■ **About this exercise**
Starting with the first line of the records, write out each line exactly until you have included the line containing "data: target input".

■ **Available data**
[Start of section]
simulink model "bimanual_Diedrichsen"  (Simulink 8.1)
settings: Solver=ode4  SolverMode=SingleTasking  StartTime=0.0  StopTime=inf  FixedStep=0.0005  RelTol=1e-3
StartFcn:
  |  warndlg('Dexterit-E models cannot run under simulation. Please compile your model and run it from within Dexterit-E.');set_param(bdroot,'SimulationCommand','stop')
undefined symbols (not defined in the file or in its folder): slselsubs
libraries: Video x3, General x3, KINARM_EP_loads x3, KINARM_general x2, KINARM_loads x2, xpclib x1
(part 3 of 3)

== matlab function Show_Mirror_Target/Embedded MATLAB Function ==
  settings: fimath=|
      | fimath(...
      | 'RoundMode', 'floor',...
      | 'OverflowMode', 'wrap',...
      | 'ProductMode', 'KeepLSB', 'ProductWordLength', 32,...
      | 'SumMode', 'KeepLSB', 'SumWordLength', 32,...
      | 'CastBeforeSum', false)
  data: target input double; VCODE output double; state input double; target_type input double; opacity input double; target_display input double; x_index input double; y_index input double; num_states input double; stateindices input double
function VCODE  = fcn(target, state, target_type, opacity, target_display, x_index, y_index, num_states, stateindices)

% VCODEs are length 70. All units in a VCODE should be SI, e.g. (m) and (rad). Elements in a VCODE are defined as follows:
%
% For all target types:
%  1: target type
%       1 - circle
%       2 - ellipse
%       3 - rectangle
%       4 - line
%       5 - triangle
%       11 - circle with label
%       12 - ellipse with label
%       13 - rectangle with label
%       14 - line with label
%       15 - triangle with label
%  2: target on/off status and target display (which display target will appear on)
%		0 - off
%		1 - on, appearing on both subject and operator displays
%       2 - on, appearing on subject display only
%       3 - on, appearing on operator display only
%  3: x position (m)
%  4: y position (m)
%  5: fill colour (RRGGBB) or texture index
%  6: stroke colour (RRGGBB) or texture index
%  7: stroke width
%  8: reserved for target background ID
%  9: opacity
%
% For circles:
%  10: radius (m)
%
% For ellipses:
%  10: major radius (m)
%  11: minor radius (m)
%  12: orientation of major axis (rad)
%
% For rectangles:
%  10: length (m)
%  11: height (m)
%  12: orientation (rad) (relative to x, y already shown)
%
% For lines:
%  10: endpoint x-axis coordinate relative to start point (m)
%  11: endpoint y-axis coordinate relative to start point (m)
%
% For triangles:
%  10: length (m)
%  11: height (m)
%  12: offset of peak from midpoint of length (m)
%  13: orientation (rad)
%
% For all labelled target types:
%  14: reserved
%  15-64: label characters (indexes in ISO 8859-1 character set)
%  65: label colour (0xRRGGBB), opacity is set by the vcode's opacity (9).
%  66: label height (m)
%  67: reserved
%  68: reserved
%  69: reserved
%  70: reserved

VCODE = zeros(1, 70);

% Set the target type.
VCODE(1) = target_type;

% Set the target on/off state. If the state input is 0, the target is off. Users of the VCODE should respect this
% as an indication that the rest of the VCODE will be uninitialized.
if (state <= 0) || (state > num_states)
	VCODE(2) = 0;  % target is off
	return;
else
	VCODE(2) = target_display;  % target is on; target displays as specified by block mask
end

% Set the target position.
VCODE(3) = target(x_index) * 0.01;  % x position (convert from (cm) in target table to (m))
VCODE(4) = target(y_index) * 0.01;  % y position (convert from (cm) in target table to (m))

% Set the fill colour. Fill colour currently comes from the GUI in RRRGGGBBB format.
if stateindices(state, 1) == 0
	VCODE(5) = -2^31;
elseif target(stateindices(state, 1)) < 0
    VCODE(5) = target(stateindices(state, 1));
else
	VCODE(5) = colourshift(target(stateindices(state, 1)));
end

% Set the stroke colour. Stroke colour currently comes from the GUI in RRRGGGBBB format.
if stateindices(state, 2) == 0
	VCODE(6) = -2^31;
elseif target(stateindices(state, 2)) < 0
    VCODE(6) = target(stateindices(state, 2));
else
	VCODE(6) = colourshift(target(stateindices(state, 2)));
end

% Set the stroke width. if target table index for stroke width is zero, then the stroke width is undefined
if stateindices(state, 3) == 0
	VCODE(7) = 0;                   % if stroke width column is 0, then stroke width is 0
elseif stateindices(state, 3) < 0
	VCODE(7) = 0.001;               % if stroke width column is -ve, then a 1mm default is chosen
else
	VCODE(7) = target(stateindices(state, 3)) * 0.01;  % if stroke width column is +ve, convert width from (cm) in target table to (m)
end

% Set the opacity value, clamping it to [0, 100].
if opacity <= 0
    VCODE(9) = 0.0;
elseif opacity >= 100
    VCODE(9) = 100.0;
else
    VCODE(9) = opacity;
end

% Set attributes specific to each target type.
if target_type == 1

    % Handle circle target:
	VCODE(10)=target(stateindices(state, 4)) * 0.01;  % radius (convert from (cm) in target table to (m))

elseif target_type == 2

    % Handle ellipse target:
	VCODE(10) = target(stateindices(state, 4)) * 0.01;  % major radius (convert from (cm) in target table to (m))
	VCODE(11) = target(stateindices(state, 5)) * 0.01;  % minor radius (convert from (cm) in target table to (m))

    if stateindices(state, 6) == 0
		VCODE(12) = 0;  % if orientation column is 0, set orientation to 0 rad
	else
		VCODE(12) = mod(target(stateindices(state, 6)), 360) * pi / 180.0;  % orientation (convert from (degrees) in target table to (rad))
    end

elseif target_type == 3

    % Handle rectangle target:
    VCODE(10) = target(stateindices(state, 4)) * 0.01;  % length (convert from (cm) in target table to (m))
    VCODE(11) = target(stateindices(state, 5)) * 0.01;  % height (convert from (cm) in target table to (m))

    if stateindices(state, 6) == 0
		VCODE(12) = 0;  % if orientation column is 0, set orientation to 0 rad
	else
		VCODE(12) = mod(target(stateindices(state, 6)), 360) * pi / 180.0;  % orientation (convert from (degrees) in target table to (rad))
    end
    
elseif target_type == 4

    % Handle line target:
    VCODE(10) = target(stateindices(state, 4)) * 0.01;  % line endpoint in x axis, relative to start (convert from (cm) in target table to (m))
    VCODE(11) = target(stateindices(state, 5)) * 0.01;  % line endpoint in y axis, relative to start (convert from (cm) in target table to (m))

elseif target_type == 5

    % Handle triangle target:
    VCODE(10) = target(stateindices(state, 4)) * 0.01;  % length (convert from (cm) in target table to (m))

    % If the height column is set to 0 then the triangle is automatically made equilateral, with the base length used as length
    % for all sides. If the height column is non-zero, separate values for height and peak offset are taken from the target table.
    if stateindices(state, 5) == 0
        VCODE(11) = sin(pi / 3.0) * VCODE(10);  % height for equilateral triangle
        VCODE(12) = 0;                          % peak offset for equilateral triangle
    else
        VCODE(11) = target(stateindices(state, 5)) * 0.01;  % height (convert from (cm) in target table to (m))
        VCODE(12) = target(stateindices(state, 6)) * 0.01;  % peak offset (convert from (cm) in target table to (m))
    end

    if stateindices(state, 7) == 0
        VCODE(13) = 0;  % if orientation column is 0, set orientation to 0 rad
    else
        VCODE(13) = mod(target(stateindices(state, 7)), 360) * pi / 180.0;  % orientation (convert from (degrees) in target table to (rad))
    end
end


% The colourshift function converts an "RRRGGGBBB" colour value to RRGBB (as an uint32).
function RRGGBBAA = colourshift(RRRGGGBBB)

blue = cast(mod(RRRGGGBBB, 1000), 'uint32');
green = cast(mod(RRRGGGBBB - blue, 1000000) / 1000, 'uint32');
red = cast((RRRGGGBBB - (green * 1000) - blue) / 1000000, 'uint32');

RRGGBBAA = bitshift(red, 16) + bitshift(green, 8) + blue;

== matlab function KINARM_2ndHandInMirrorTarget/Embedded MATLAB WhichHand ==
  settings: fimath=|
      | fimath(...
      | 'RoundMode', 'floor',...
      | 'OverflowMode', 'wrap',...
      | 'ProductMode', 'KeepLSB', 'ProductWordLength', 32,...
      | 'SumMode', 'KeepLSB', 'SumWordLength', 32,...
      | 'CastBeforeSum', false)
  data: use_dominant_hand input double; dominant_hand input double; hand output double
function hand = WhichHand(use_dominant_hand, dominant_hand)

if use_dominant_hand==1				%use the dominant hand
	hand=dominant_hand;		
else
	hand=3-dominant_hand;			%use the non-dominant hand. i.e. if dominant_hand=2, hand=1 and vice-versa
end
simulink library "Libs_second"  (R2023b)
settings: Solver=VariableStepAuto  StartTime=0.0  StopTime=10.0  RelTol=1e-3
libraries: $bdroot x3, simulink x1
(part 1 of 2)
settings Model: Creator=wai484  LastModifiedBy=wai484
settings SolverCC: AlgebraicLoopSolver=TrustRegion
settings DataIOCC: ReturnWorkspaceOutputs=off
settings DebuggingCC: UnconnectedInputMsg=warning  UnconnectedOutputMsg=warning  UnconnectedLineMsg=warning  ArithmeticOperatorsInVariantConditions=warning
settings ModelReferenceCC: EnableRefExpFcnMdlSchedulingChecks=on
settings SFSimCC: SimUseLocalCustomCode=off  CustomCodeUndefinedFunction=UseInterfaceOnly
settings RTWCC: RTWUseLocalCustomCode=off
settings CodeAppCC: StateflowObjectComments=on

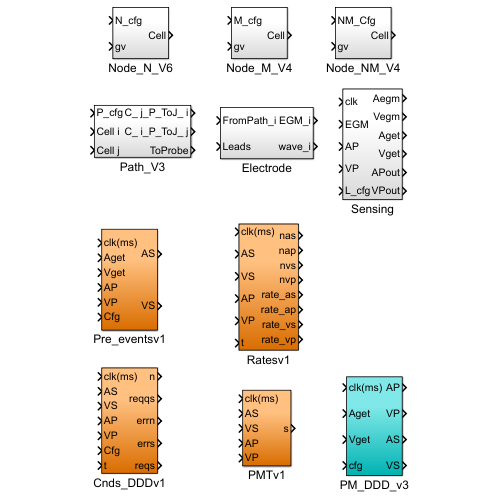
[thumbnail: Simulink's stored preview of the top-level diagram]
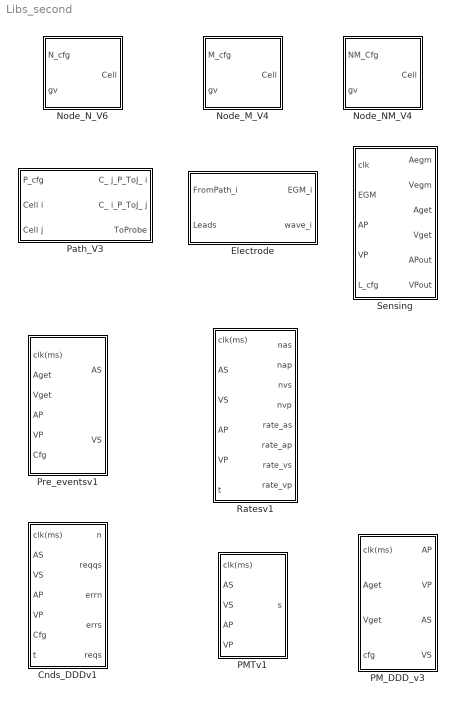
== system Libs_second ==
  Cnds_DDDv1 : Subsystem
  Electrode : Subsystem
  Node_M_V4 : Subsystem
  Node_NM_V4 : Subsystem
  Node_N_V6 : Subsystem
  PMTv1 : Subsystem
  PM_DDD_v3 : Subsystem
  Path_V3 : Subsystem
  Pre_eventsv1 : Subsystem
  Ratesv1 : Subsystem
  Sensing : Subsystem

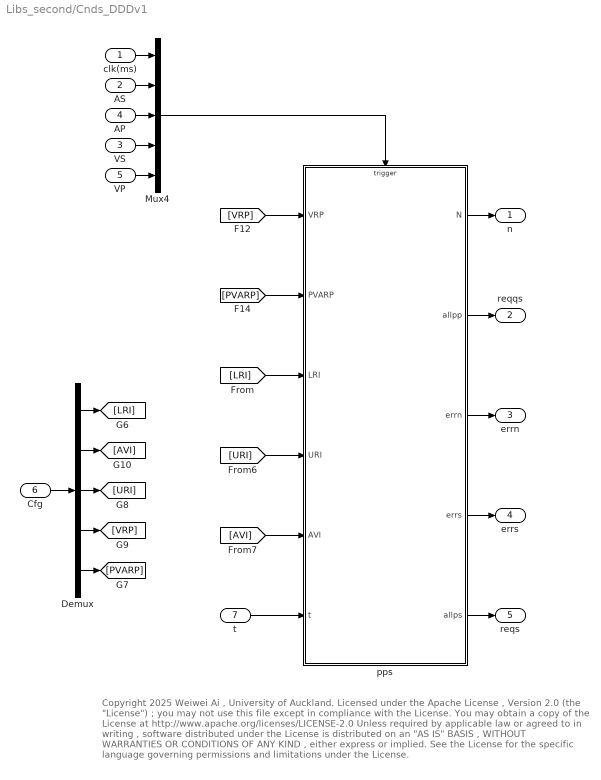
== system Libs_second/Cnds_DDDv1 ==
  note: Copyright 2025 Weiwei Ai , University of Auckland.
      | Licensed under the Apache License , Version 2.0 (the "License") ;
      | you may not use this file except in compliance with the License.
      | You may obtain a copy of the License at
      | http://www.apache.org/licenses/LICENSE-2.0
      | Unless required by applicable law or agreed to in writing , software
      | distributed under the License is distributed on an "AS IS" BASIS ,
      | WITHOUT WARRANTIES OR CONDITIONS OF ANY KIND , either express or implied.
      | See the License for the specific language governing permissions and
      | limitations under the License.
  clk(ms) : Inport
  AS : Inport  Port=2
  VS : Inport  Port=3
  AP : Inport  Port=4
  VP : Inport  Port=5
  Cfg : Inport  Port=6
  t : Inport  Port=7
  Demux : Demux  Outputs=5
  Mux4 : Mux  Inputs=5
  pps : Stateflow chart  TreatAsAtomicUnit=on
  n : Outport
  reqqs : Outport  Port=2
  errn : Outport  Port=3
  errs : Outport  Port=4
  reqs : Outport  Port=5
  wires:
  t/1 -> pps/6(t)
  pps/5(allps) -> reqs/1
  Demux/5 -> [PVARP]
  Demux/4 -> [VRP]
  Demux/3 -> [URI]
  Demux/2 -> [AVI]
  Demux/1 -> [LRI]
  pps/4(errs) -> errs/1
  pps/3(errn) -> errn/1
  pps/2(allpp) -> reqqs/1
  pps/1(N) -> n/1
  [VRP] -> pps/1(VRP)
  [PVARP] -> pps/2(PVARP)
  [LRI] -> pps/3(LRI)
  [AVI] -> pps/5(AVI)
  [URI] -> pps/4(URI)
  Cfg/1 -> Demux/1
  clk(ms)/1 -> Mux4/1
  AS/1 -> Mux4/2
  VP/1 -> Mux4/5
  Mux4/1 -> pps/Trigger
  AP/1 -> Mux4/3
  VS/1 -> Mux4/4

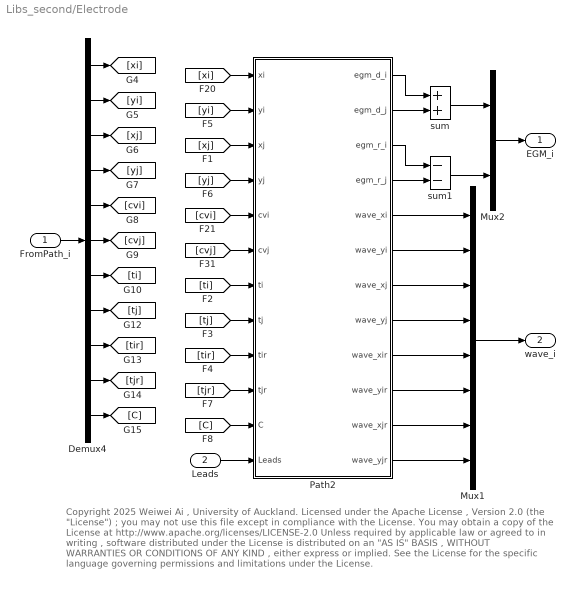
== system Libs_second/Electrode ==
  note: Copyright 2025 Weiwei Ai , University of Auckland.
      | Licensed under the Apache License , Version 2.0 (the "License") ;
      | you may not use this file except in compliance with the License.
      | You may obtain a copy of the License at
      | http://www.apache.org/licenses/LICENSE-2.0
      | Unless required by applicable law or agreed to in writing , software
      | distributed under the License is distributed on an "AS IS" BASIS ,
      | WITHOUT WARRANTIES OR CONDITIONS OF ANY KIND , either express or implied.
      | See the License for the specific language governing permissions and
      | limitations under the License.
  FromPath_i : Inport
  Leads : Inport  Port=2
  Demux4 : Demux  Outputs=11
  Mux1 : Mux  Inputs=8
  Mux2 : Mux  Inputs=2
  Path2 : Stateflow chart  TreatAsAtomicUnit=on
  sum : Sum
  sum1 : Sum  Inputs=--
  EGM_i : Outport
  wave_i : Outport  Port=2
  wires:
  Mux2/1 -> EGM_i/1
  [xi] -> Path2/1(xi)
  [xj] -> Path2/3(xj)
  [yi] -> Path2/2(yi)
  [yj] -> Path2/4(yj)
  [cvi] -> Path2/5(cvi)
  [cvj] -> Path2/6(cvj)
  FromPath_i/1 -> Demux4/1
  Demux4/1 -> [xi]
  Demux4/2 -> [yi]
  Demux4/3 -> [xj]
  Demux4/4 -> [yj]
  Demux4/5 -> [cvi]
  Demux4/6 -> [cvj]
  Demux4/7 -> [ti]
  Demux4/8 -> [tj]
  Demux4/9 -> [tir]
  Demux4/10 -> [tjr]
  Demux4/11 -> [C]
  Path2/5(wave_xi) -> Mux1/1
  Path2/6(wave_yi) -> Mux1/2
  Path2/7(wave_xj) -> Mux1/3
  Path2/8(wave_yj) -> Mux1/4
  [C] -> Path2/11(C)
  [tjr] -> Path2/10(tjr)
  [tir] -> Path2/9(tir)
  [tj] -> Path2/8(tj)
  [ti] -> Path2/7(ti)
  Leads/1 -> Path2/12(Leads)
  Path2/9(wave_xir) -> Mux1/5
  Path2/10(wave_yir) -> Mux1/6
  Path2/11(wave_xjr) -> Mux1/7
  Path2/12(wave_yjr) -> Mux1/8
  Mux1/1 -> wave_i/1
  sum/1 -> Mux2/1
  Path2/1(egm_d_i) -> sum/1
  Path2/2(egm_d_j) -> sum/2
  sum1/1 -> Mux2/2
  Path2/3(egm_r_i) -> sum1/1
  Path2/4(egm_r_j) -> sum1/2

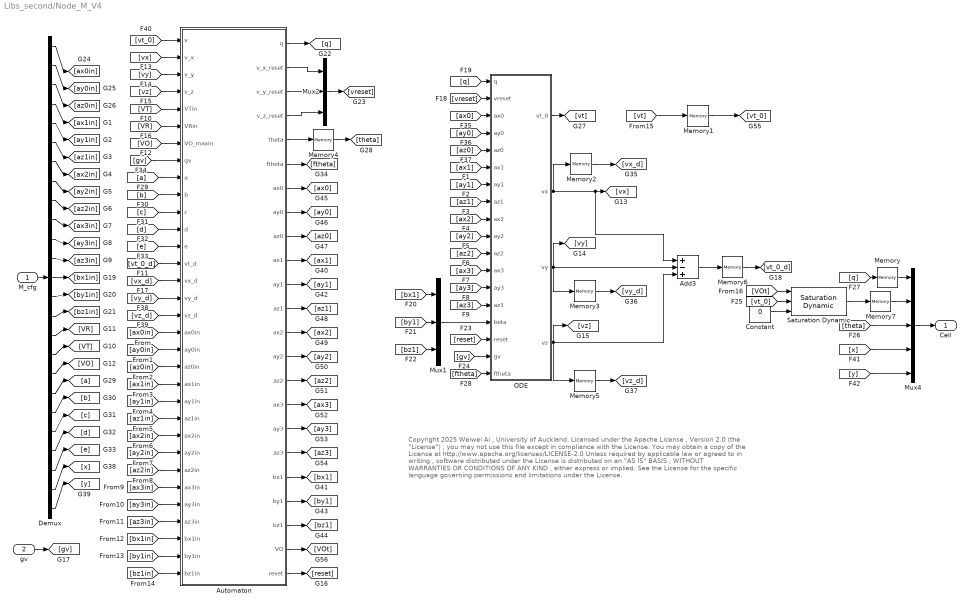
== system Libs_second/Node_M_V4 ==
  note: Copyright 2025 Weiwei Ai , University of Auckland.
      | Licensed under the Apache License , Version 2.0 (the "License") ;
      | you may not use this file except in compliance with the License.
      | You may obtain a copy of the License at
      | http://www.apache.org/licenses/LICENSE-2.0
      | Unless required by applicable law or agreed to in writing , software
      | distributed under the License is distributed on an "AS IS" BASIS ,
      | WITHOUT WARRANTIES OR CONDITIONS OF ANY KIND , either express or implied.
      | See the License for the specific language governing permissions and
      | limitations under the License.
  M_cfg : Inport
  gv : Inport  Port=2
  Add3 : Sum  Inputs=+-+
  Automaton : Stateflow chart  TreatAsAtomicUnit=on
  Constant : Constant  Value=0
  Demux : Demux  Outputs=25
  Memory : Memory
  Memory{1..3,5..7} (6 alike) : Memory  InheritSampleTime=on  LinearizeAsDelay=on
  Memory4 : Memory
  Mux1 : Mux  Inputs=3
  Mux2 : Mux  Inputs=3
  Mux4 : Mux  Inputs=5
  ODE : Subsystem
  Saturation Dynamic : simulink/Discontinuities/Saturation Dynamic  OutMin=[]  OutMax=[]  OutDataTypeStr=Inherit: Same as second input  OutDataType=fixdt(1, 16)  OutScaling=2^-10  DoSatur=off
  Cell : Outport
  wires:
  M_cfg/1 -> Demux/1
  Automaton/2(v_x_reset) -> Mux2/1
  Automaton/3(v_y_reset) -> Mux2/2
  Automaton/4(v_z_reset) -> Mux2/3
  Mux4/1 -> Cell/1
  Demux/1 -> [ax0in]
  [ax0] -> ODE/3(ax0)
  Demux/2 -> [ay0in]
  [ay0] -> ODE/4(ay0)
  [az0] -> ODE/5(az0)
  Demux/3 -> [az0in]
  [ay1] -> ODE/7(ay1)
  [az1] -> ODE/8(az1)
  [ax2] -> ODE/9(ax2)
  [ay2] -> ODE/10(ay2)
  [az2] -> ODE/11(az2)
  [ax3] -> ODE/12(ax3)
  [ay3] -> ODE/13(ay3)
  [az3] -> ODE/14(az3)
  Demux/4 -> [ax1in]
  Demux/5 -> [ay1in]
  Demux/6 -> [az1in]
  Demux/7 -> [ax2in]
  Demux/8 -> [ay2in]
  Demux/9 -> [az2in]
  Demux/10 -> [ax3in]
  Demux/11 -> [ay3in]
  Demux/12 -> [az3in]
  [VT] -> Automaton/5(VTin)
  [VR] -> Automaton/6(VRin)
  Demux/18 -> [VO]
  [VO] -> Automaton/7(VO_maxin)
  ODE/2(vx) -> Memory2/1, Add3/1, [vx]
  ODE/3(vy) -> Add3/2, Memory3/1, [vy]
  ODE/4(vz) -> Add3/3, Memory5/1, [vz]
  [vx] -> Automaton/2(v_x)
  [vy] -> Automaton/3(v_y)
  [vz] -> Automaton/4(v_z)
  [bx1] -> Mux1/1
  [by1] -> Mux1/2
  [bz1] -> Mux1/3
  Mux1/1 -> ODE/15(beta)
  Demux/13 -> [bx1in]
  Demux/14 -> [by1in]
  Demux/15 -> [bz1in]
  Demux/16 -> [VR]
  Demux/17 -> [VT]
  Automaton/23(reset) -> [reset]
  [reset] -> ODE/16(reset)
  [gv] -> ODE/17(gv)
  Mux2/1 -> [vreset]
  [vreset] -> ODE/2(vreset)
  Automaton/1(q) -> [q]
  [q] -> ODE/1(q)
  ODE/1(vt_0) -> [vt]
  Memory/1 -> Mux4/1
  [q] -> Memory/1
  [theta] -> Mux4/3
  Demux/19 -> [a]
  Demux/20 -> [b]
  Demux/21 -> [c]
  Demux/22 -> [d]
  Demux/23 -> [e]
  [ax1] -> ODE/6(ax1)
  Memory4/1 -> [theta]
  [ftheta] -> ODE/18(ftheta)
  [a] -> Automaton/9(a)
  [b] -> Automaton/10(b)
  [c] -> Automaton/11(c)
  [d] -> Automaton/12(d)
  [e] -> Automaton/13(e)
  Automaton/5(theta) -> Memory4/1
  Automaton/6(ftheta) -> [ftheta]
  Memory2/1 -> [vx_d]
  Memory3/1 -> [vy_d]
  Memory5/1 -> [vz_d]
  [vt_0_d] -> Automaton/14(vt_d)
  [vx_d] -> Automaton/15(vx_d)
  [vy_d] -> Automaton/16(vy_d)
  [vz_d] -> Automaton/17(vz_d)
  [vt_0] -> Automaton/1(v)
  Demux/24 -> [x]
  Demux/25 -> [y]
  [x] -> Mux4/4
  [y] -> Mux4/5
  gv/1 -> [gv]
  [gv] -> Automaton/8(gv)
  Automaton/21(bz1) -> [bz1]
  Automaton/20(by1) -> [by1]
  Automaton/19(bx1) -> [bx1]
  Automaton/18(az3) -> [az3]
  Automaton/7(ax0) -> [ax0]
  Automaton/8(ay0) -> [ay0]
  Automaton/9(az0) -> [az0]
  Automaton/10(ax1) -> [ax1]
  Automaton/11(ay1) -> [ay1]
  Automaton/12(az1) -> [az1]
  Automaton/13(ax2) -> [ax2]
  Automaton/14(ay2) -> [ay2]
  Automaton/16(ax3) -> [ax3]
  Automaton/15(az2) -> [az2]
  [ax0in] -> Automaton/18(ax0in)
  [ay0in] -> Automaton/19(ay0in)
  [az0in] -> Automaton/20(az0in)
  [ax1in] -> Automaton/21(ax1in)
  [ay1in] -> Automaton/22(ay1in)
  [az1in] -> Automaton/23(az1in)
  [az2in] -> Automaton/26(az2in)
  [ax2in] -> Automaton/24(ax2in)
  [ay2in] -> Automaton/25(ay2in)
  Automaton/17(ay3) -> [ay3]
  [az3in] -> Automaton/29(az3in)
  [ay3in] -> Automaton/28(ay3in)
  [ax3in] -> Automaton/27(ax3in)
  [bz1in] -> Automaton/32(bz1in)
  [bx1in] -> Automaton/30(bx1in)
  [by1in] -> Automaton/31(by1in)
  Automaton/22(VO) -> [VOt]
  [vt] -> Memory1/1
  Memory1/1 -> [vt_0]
[End of section]
■ **Answer area**
simulink model "bimanual_Diedrichsen"  (Simulink 8.1)
settings: Solver=ode4  SolverMode=SingleTasking  StartTime=0.0  StopTime=inf  FixedStep=0.0005  RelTol=1e-3
StartFcn:
  |  warndlg('Dexterit-E models cannot run under simulation. Please compile your model and run it from within Dexterit-E.');set_param(bdroot,'SimulationCommand','stop')
undefined symbols (not defined in the file or in its folder): slselsubs
libraries: Video x3, General x3, KINARM_EP_loads x3, KINARM_general x2, KINARM_loads x2, xpclib x1
(part 3 of 3)

== matlab function Show_Mirror_Target/Embedded MATLAB Function ==
  settings: fimath=|
      | fimath(...
      | 'RoundMode', 'floor',...
      | 'OverflowMode', 'wrap',...
      | 'ProductMode', 'KeepLSB', 'ProductWordLength', 32,...
      | 'SumMode', 'KeepLSB', 'SumWordLength', 32,...
      | 'CastBeforeSum', false)
  data: target input double; VCODE output double; state input double; target_type input double; opacity input double; target_display input double; x_index input double; y_index input double; num_states input double; stateindices input double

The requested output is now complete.